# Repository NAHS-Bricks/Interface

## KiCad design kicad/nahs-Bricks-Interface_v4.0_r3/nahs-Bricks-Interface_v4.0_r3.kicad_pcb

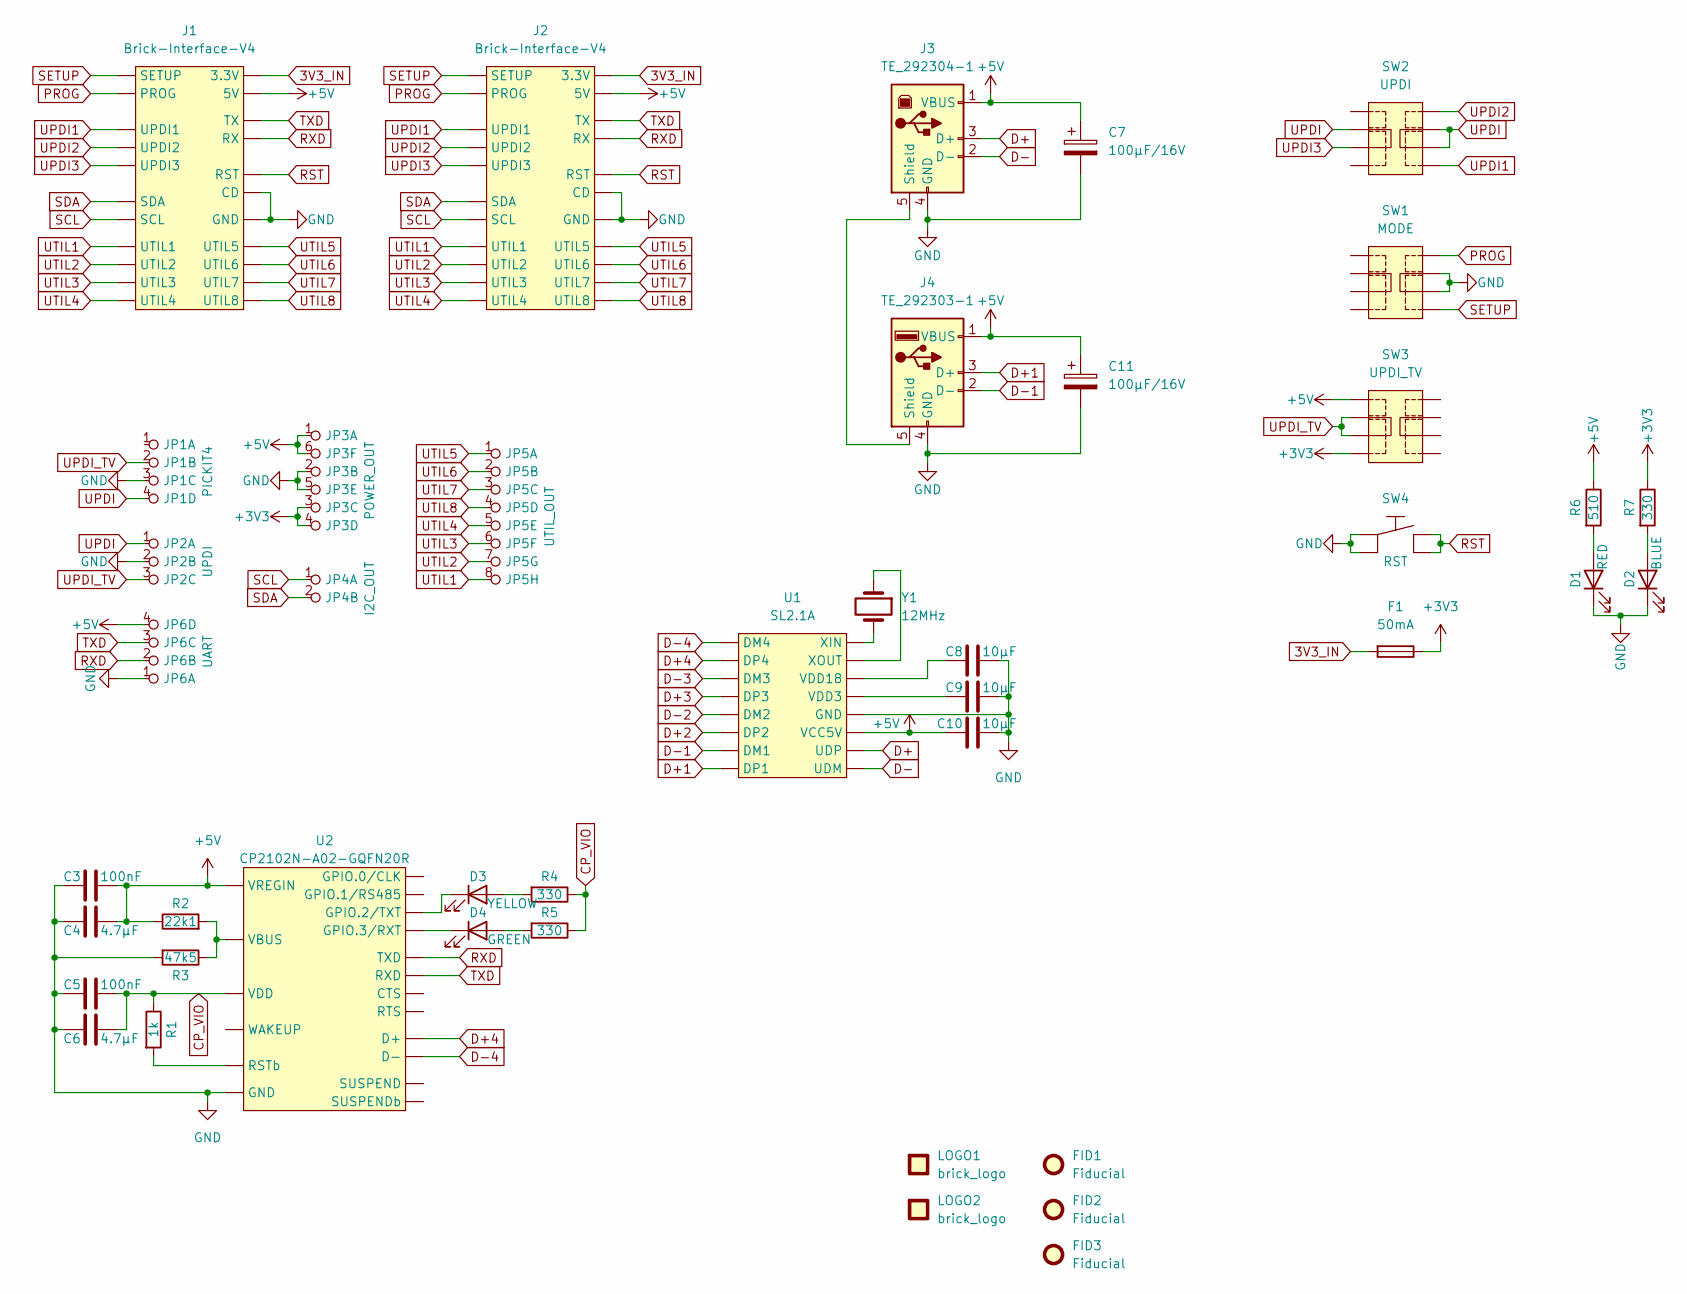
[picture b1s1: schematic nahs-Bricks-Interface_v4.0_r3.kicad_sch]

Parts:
C3, C5: 100nF; C_0805_2012Metric
C4, C6: 4.7µF; C_0805_2012Metric
C7, C11: 100µF/16V; CP_Elec_5x5.4
C8, C9, C10: 10µF; C_0805_2012Metric
D1: RED; LED_0805_2012Metric
D2: BLUE; LED_0805_2012Metric
D3: YELLOW; LED_0805_2012Metric
D4: GREEN; LED_0805_2012Metric
F1: 50mA; Fuse_1206_3216Metric
FID1, FID2, FID3: Fiducial; Fiducial_1mm_Mask2mm
J1: Brick-Interface-V4; Brick_Interface_V4_iside
J2: Brick-Interface-V4; Brick_Interface_V4_iside_straddle
J3: TE_292304-1; USB_B_OST_USB-B1HSxx_Horizontal
J4: TE_292303-1; USB_A_Stewart_SS-52100-001_Horizontal
JP1, JP6: PINHD_1X04; PINHD_1X04_2.54_1mm_Round
JP2: PINHD_1X03; PINHD_1X03_2.54_1mm_Round
JP3: PINHD_2X03; PINHD_2X03_2.54_1mm_Round
JP4: PINHD_1x02; PINHD_1X02_2.54_1mm_Round
JP5: PINHD_2X04; PINHD_2X04_2.54_1mm_Round
LOGO1: brick_logo; x8mm
LOGO2: brick_logo; x17mm
R1: 1k; R_0805_2012Metric
R2: 22k1; R_0805_2012Metric
R3: 47k5; R_0805_2012Metric
R4, R5, R7: 330; R_0603_1608Metric
R6: 510; R_0603_1608Metric
SW1, SW2, SW3: K3-2336S-F1
SW4: Taster_4545
U1: SL2.1A; SOP-16_3.9x9.9mm_P1.27mm
U2: CP2102N-A02-GQFN20R; QFN20
Y1: 12MHz; Crystal_SMD_HC49-SD

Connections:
3V3_IN: F1.2, J1.B11 (3.3V), J2.B11 (3.3V)
+3V3: F1.1, JP3.3, JP3.4, R7.1, SW3.4
+5V: C3.2, C4.2, C7.1, C10.1, C11.1, J1.B15 (5V), J1.B16 (5V), J1.B17 (5V), J1.B18 (5V), J2.B15 (5V), J2.B16 (5V), J2.B17 (5V), J2.B18 (5V), J3.1 (VBUS), J4.1 (VBUS), JP3.1, JP3.6, JP6.4, R2.1, R6.1, SW3.1, U1.11 (VCC5V), U2.7 (VREGIN)
CP_VIO: C5.2, C6.2, R1.1, R4.1, R5.1, U2.6 (VDD)
D+: J3.3 (D+), U1.10 (UDP)
D+1: J4.3 (D+), U1.8 (DP1)
D+2: U1.6 (DP2)
D+3: U1.4 (DP3)
D+4: U1.2 (DP4), U2.4 (D+)
D-: J3.2 (D-), U1.9 (UDM)
D-1: J4.2 (D-), U1.7 (DM1)
D-2: U1.5 (DM2)
D-3: U1.3 (DM3)
D-4: U1.1 (DM4), U2.5 (D-)
GND: C3.1, C4.1, C5.1, C6.1, C7.2, C8.2, C9.2, C10.2, C11.2, D1.1 (K), D2.1 (K), J1.A14 (CD), J1.A15 (GND), J1.A16 (GND), J1.A17 (GND), J1.A18 (GND), J2.A14 (CD), J2.A15 (GND), J2.A16 (GND), J2.A17 (GND), J2.A18 (GND), J3.4 (GND), J4.4 (GND), JP1.3, JP2.2, JP3.2, JP3.5, JP6.1, R3.2, SW1.6, SW1.7, SW4.1, SW4.2, U1.12 (GND), U2.3 (GND), U2.12 (GND), U2.21 (GND)
unnamed: C8.1, U1.14 (VDD18)
unnamed: C9.1, U1.13 (VDD3)
unnamed: D1.2 (A), R6.2
unnamed: D2.2 (A), R7.2
unnamed: D3.1 (K), U2.20 (GPIO.2/TXT)
unnamed: D3.2 (A), R4.2
unnamed: D4.1 (K), U2.19 (GPIO.3/RXT)
unnamed: D4.2 (A), R5.2
unnamed: J3.5 (Shield), J4.5 (Shield)
unnamed: R1.2, U2.9 (RSTb)
unnamed: R2.2, R3.1, U2.8 (VBUS)
unnamed: U1.15 (XOUT), Y1.1
unnamed: U1.16 (XIN), Y1.2
PROG: J1.B12 (PROG), J2.B12 (PROG), SW1.8
RST: J1.B14 (RST), J2.B14 (RST), SW4.3, SW4.4
RXD: J1.A12 (RX), J2.A12 (RX), JP6.2, U2.18 (TXD)
SCL: J1.A9 (SCL), J2.A9 (SCL), JP4.1
SDA: J1.B9 (SDA), J2.B9 (SDA), JP4.2
SETUP: J1.B13 (SETUP), J2.B13 (SETUP), SW1.5
TXD: J1.A13 (TX), J2.A13 (TX), JP6.3, U2.17 (RXD)
UPDI: JP1.4, JP2.1, SW2.2, SW2.6, SW2.7
UPDI1: J1.A11 (UPDI1), J2.A11 (UPDI1), SW2.5
UPDI2: J1.A10 (UPDI2), J2.A10 (UPDI2), SW2.8
UPDI3: J1.B10 (UPDI3), J2.B10 (UPDI3), SW2.3
UPDI_TV: JP1.2, JP2.3, SW3.2, SW3.3
UTIL1: J1.B1 (UTIL1), J2.B1 (UTIL1), JP5.8
UTIL2: J1.B2 (UTIL2), J2.B2 (UTIL2), JP5.7
UTIL3: J1.B3 (UTIL3), J2.B3 (UTIL3), JP5.6
UTIL4: J1.B4 (UTIL4), J2.B4 (UTIL4), JP5.5
UTIL5: J1.A1 (UTIL5), J2.A1 (UTIL5), JP5.1
UTIL6: J1.A2 (UTIL6), J2.A2 (UTIL6), JP5.2
UTIL7: J1.A3 (UTIL7), J2.A3 (UTIL7), JP5.3
UTIL8: J1.A4 (UTIL8), J2.A4 (UTIL8), JP5.4

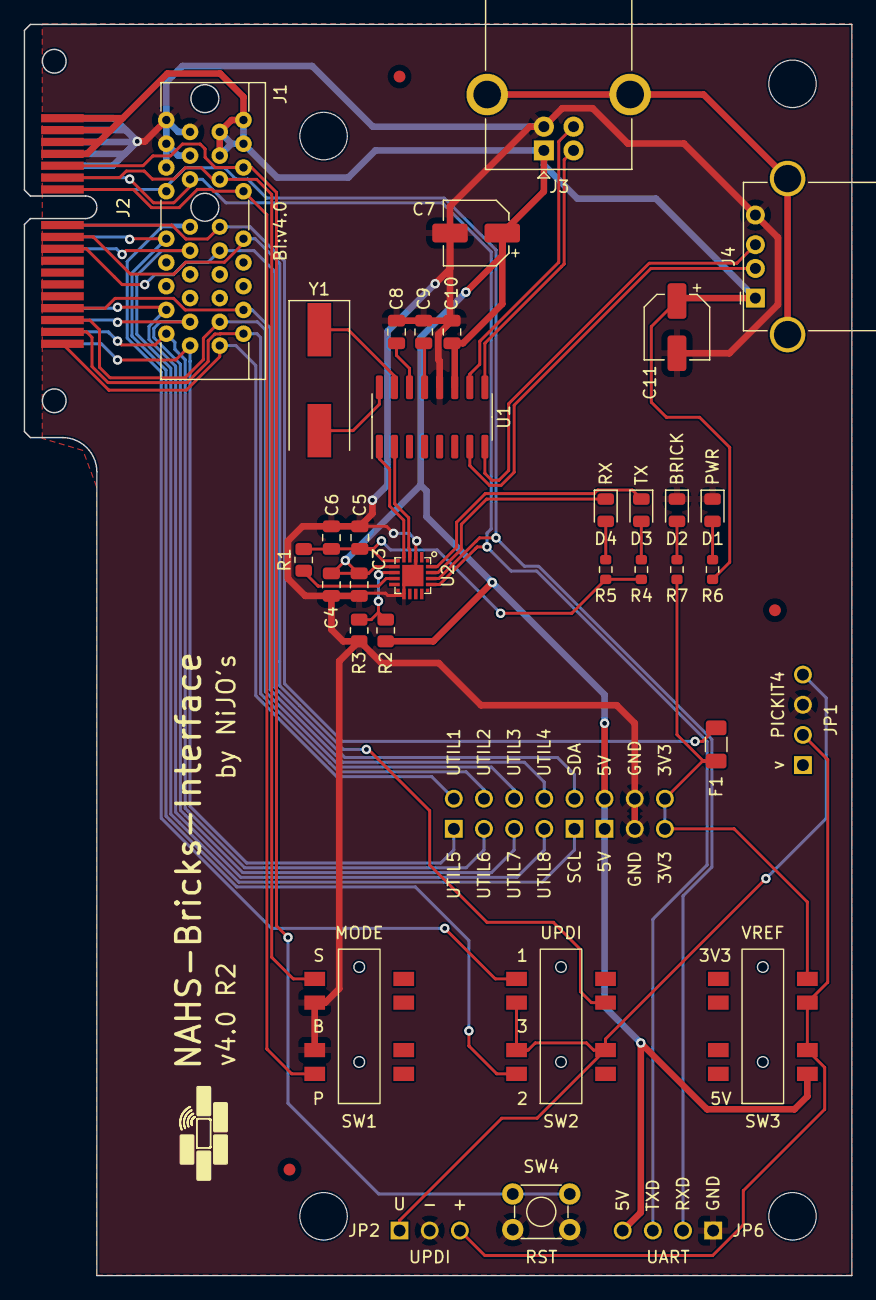
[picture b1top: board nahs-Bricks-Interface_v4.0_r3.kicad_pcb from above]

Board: 2 copper layers, 69.7 x 105.4 mm, 43 parts (1 on the bottom side), 44 nets.

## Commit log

2021-01-14 basic design and routing done
2021-01-16 routing done
2021-01-17 added planes
2021-01-19 Finale Version v1.0_r1 die an JLCPCB übermittelt wurde
2021-02-18 v1.0 R2 board vorbereitet
2021-05-08 v2.0_r1 Board Design
2021-05-11 added third UPDI Pin
2021-05-14 cleaned version of brick interface
2021-07-22 board v3.0 r1 designed
2021-10-04 board v3.0 r2 designed
2022-09-11 v4.0 r1 should be done
2023-11-16 v4.0 r1 Board done
2023-11-16 added LICENSE
2023-11-16 added zip files to be ignored
2023-11-21 v4.0 r2 Board done
2023-11-22 v4.0 r2 ibom done
2023-12-03 changed colors of LEDs
2024-02-22 v4.0 r3 Board started - had swapped pins on UPDI header

**Task prompt**
Only what runs from the line containing "2023-11-16 added zip files to be ignored" through the final line of the entries above belongs in the answer, restated exactly.

**Exercise response**
2023-11-16 added zip files to be ignored
2023-11-21 v4.0 r2 Board done
2023-11-22 v4.0 r2 ibom done
2023-12-03 changed colors of LEDs
2024-02-22 v4.0 r3 Board started - had swapped pins on UPDI header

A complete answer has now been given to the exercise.